### TASK STATEMENT
With pictures excluded, copy word for word the lines in the data below from the line containing "Car & Wheel/4(BreakingTime) -> Scope/2" through the line containing "Divide1/1 -> Distance Block/1(FR)".

Start of EXTRACTED DATA

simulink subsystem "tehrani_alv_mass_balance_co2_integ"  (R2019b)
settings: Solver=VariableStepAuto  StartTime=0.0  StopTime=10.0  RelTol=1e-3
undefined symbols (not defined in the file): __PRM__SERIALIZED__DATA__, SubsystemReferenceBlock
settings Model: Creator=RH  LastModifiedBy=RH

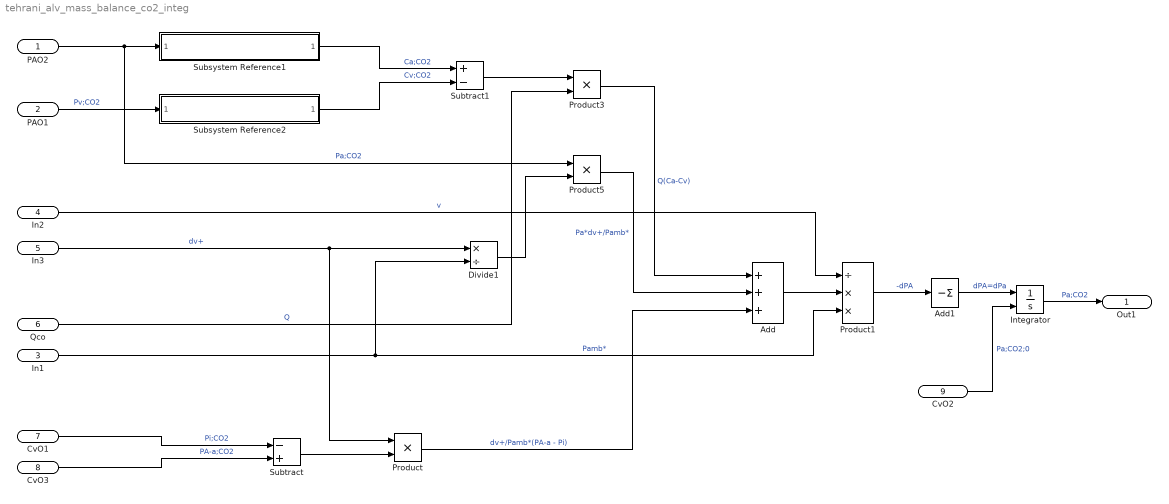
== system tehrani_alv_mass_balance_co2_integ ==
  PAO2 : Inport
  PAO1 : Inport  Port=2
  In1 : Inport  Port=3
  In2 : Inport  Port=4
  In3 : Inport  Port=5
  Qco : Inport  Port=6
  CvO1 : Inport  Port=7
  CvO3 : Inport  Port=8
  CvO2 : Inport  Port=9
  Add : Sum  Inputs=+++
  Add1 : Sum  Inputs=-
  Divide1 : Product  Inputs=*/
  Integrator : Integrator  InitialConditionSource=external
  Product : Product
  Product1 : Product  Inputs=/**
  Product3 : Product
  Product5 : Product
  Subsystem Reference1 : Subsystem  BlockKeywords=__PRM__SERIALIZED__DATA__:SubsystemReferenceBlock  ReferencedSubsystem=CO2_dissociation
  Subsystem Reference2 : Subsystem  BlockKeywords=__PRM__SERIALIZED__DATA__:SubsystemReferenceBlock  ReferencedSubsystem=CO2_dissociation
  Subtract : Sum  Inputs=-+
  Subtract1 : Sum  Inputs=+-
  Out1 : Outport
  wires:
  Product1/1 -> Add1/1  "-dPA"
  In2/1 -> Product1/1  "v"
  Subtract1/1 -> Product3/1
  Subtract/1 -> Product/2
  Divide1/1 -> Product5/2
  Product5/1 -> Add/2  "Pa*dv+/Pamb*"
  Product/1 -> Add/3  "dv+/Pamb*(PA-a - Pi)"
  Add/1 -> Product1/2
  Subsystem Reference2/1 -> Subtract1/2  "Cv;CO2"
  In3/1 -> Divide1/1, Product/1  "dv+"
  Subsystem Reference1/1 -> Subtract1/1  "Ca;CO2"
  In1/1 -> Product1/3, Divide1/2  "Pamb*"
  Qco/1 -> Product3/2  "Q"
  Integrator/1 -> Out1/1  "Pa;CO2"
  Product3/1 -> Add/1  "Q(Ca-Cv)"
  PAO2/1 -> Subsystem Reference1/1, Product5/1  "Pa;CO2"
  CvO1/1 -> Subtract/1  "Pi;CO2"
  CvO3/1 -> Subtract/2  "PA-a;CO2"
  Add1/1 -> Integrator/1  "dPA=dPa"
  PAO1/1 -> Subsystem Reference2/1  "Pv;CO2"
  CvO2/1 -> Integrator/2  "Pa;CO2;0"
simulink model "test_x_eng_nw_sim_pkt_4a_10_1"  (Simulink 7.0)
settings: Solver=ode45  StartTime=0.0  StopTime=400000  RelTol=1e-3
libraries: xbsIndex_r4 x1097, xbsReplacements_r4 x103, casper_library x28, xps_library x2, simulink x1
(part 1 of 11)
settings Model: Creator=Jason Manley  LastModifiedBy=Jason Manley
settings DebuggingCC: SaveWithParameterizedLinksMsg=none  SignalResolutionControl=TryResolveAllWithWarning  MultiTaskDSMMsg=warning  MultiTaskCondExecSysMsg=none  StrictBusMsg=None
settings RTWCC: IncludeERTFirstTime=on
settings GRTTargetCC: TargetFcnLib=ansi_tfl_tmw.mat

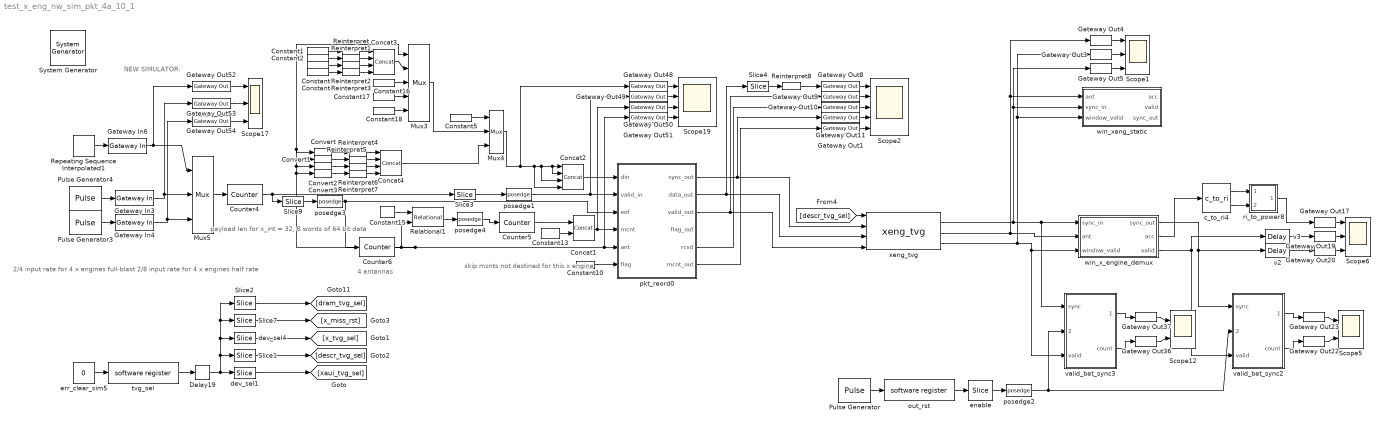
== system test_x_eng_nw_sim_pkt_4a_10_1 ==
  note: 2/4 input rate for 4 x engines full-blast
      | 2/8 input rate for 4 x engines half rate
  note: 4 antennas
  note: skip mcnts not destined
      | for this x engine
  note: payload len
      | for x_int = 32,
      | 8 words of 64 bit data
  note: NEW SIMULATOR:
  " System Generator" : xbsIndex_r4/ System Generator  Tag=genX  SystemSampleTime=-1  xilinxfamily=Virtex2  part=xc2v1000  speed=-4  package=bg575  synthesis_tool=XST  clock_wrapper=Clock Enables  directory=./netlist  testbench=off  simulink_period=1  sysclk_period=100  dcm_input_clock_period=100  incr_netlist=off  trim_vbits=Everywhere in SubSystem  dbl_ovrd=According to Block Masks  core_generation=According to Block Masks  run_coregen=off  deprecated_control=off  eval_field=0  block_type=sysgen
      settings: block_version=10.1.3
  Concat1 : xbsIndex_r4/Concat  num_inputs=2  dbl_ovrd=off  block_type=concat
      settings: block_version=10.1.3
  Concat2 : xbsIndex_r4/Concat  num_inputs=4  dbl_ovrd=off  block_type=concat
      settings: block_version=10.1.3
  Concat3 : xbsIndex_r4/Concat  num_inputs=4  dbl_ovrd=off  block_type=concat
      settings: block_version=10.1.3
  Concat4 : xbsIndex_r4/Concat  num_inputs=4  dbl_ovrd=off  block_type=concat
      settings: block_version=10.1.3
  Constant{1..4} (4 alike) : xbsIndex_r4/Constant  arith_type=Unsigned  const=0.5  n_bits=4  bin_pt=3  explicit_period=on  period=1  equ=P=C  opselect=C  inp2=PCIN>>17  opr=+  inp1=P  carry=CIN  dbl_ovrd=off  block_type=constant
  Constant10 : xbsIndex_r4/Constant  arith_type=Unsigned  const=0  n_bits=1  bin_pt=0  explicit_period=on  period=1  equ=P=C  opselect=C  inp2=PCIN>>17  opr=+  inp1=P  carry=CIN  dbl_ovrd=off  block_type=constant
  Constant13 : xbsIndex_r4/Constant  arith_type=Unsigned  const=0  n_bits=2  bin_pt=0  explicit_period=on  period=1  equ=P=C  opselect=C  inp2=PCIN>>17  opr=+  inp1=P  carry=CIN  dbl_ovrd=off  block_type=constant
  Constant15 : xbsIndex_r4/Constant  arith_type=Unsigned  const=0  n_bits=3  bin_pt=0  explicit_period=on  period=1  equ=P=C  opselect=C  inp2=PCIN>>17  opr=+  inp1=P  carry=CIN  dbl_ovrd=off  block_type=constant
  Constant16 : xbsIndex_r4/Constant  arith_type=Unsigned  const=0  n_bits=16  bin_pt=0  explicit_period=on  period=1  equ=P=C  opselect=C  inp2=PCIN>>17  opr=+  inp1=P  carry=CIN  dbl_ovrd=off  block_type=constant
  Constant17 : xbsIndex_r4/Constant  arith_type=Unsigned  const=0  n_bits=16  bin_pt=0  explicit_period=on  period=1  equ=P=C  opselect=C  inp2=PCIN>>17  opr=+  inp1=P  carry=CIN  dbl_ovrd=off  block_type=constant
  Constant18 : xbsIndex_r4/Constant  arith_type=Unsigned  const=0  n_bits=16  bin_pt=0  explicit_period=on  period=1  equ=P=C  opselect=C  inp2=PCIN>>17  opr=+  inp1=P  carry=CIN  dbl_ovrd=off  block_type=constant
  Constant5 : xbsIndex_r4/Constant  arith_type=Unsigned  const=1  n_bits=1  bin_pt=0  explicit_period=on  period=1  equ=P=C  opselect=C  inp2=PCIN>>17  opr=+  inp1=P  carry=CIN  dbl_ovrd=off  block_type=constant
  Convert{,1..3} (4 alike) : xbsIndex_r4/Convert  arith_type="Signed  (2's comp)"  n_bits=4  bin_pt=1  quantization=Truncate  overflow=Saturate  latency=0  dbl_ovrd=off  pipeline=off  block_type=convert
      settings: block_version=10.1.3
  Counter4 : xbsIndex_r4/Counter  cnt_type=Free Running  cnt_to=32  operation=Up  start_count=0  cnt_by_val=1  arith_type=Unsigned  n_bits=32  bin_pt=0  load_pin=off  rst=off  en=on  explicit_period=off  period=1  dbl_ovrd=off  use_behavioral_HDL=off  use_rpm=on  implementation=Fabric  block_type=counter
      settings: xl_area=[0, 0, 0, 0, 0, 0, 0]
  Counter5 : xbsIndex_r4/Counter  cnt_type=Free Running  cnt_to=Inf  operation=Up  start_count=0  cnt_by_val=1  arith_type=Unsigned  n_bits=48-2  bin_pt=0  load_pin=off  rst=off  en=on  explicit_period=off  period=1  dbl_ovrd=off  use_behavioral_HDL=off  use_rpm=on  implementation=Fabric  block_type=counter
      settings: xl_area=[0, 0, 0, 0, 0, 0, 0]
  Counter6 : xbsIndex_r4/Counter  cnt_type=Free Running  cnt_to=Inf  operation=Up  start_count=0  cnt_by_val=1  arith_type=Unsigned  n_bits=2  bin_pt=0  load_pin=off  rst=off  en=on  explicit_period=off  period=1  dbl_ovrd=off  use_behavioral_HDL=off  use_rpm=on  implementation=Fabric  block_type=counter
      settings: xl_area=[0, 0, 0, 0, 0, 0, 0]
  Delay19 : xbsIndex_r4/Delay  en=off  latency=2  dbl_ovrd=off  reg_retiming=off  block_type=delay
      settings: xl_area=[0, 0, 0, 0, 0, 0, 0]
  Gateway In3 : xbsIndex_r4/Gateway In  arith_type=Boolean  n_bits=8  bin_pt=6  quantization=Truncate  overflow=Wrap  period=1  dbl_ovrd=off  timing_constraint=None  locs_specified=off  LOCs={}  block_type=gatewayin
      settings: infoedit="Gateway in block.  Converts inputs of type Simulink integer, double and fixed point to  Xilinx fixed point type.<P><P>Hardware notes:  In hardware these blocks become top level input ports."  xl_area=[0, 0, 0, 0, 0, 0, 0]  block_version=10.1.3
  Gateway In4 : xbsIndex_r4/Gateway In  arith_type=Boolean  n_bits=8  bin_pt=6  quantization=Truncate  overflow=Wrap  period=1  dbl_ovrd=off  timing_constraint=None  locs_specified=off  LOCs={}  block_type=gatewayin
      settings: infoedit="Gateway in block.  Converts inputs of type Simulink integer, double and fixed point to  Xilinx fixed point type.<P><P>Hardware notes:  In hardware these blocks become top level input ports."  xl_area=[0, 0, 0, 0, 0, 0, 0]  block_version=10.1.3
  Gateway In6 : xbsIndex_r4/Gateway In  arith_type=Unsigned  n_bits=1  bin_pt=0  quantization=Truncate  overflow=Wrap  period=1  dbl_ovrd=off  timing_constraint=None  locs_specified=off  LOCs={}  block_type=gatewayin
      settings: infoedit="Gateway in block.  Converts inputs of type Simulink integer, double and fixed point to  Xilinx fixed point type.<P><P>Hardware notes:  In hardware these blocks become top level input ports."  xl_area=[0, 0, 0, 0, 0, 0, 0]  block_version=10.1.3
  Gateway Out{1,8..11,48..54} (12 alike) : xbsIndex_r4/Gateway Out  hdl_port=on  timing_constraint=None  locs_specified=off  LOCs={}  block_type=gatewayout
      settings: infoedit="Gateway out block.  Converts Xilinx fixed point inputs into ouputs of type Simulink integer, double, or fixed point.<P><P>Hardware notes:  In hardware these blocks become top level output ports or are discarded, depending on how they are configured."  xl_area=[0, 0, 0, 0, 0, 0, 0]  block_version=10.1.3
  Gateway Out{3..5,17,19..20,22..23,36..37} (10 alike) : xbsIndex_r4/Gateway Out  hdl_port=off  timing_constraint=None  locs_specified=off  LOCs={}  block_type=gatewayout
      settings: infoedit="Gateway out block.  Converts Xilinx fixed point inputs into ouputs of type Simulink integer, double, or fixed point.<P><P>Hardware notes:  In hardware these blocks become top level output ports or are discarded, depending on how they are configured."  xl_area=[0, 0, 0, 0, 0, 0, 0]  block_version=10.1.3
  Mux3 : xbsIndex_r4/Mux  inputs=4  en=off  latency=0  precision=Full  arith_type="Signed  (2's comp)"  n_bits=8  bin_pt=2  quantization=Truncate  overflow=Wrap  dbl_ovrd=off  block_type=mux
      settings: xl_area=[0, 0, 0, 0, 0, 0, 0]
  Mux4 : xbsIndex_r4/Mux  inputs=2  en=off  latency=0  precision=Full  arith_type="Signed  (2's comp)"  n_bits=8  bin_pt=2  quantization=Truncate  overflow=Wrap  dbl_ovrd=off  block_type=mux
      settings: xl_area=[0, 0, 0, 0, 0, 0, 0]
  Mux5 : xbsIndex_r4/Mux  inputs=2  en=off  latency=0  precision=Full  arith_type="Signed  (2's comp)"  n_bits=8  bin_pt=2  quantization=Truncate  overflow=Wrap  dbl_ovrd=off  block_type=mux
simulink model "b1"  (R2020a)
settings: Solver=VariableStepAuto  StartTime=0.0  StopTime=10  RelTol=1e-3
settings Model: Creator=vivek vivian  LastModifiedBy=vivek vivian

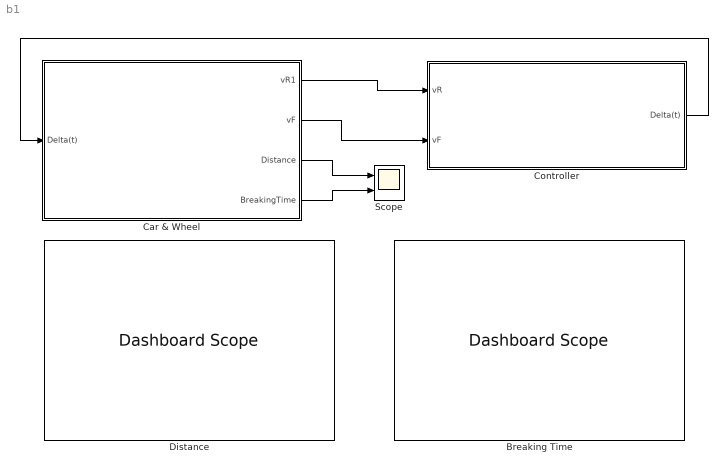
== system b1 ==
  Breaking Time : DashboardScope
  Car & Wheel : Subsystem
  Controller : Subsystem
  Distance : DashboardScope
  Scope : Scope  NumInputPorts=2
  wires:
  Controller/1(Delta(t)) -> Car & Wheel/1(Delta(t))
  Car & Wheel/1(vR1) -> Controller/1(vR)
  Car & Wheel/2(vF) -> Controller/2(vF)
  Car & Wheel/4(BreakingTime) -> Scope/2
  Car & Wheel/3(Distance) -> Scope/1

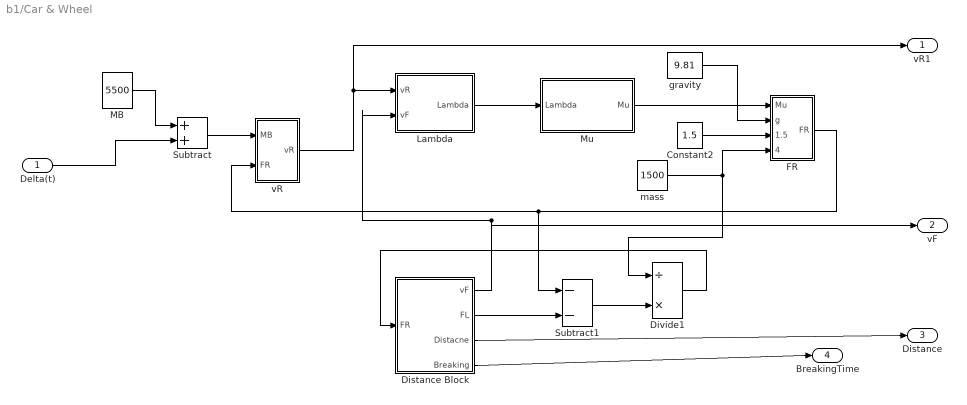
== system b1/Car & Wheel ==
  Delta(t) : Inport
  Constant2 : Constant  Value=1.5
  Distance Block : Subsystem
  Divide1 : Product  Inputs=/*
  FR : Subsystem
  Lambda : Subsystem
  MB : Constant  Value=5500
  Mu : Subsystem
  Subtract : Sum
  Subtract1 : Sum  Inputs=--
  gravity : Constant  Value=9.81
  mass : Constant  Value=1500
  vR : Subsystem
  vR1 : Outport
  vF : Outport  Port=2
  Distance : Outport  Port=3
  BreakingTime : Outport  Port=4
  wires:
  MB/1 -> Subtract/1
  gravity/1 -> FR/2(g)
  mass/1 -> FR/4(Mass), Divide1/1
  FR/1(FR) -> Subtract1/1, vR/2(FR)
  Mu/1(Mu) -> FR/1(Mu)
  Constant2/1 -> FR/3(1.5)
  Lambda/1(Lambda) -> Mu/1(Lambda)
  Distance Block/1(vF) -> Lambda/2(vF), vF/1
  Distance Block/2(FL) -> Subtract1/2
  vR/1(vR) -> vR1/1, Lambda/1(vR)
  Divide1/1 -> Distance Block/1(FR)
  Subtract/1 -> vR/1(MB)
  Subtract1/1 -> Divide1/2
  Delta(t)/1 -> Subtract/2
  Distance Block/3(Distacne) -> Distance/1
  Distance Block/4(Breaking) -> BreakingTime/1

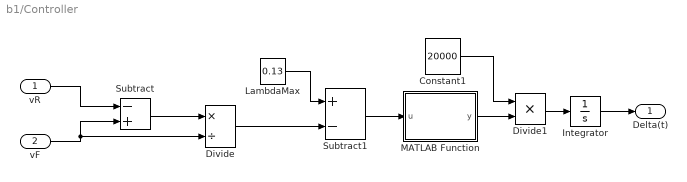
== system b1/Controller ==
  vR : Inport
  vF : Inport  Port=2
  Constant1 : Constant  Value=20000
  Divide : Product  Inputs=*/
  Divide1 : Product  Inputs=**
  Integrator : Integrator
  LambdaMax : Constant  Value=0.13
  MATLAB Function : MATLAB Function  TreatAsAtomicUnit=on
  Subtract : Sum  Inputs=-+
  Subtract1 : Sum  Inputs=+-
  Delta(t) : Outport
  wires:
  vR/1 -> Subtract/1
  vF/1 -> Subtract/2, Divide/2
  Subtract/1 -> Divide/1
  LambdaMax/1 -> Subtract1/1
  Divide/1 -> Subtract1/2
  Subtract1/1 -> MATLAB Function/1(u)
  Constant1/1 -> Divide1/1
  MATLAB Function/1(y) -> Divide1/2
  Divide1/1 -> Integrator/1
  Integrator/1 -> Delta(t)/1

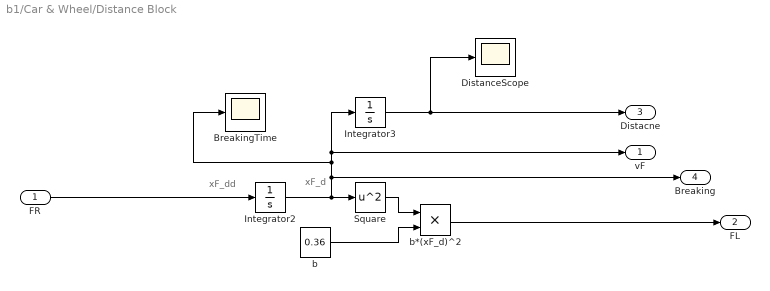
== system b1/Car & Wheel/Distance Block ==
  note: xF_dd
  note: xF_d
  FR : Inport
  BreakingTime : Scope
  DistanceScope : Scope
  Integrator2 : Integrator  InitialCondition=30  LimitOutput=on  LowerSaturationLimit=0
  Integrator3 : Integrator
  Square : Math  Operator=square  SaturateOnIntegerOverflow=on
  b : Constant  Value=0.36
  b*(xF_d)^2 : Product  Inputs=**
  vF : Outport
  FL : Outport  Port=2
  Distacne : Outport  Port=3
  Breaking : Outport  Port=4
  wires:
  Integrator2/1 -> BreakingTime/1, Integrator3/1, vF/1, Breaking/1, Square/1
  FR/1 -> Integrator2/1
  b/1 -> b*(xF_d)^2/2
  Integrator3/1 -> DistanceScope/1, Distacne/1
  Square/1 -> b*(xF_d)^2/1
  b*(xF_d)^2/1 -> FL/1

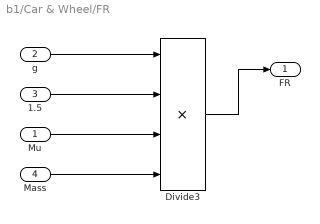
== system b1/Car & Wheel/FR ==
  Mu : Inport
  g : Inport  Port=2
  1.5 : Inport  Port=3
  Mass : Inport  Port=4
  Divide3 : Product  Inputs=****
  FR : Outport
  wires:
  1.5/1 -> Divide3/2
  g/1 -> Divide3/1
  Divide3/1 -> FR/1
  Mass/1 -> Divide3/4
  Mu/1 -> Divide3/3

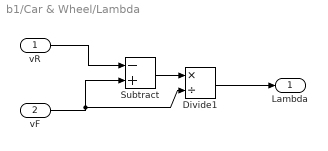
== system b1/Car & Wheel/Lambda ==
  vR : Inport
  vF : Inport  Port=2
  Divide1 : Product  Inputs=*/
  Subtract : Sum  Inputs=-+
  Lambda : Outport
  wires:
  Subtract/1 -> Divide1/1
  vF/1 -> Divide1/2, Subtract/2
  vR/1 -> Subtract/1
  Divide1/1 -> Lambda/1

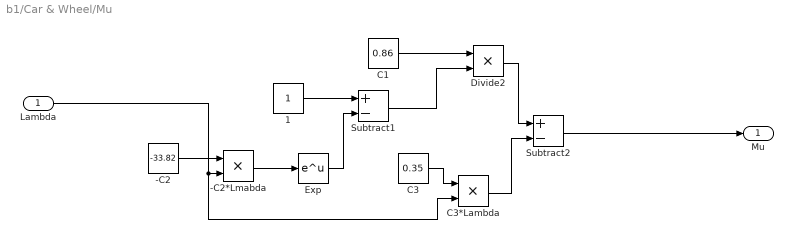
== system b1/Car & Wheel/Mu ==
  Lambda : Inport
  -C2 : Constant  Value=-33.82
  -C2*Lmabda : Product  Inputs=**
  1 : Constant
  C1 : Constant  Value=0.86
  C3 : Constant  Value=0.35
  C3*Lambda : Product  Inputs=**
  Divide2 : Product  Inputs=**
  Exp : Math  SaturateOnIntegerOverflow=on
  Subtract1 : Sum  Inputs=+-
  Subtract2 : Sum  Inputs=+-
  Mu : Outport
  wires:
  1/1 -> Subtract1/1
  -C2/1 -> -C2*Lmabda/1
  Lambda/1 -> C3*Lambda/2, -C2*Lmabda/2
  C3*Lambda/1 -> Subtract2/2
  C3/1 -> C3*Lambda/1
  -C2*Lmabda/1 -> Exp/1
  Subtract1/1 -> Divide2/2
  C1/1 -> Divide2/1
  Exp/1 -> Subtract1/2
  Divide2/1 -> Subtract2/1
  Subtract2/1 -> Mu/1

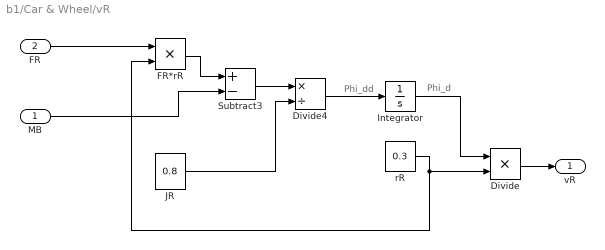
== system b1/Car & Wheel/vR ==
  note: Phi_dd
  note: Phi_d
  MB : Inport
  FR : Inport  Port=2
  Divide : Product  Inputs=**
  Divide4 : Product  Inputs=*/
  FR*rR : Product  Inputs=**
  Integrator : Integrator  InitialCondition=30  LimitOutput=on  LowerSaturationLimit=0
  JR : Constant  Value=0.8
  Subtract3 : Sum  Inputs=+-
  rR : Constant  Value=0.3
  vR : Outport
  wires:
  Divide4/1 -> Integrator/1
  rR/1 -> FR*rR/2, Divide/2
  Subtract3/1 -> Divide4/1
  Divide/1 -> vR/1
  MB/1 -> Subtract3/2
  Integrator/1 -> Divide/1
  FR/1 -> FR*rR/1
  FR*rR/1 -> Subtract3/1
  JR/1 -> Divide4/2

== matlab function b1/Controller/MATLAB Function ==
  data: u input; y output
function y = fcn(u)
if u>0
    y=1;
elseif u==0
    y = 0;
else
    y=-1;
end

End of EXTRACTED DATA

### WORKED SOLUTION
  Car & Wheel/4(BreakingTime) -> Scope/2
  Car & Wheel/3(Distance) -> Scope/1

== system b1/Car & Wheel ==
  Delta(t) : Inport
  Constant2 : Constant  Value=1.5
  Distance Block : Subsystem
  Divide1 : Product  Inputs=/*
  FR : Subsystem
  Lambda : Subsystem
  MB : Constant  Value=5500
  Mu : Subsystem
  Subtract : Sum
  Subtract1 : Sum  Inputs=--
  gravity : Constant  Value=9.81
  mass : Constant  Value=1500
  vR : Subsystem
  vR1 : Outport
  vF : Outport  Port=2
  Distance : Outport  Port=3
  BreakingTime : Outport  Port=4
  wires:
  MB/1 -> Subtract/1
  gravity/1 -> FR/2(g)
  mass/1 -> FR/4(Mass), Divide1/1
  FR/1(FR) -> Subtract1/1, vR/2(FR)
  Mu/1(Mu) -> FR/1(Mu)
  Constant2/1 -> FR/3(1.5)
  Lambda/1(Lambda) -> Mu/1(Lambda)
  Distance Block/1(vF) -> Lambda/2(vF), vF/1
  Distance Block/2(FL) -> Subtract1/2
  vR/1(vR) -> vR1/1, Lambda/1(vR)
  Divide1/1 -> Distance Block/1(FR)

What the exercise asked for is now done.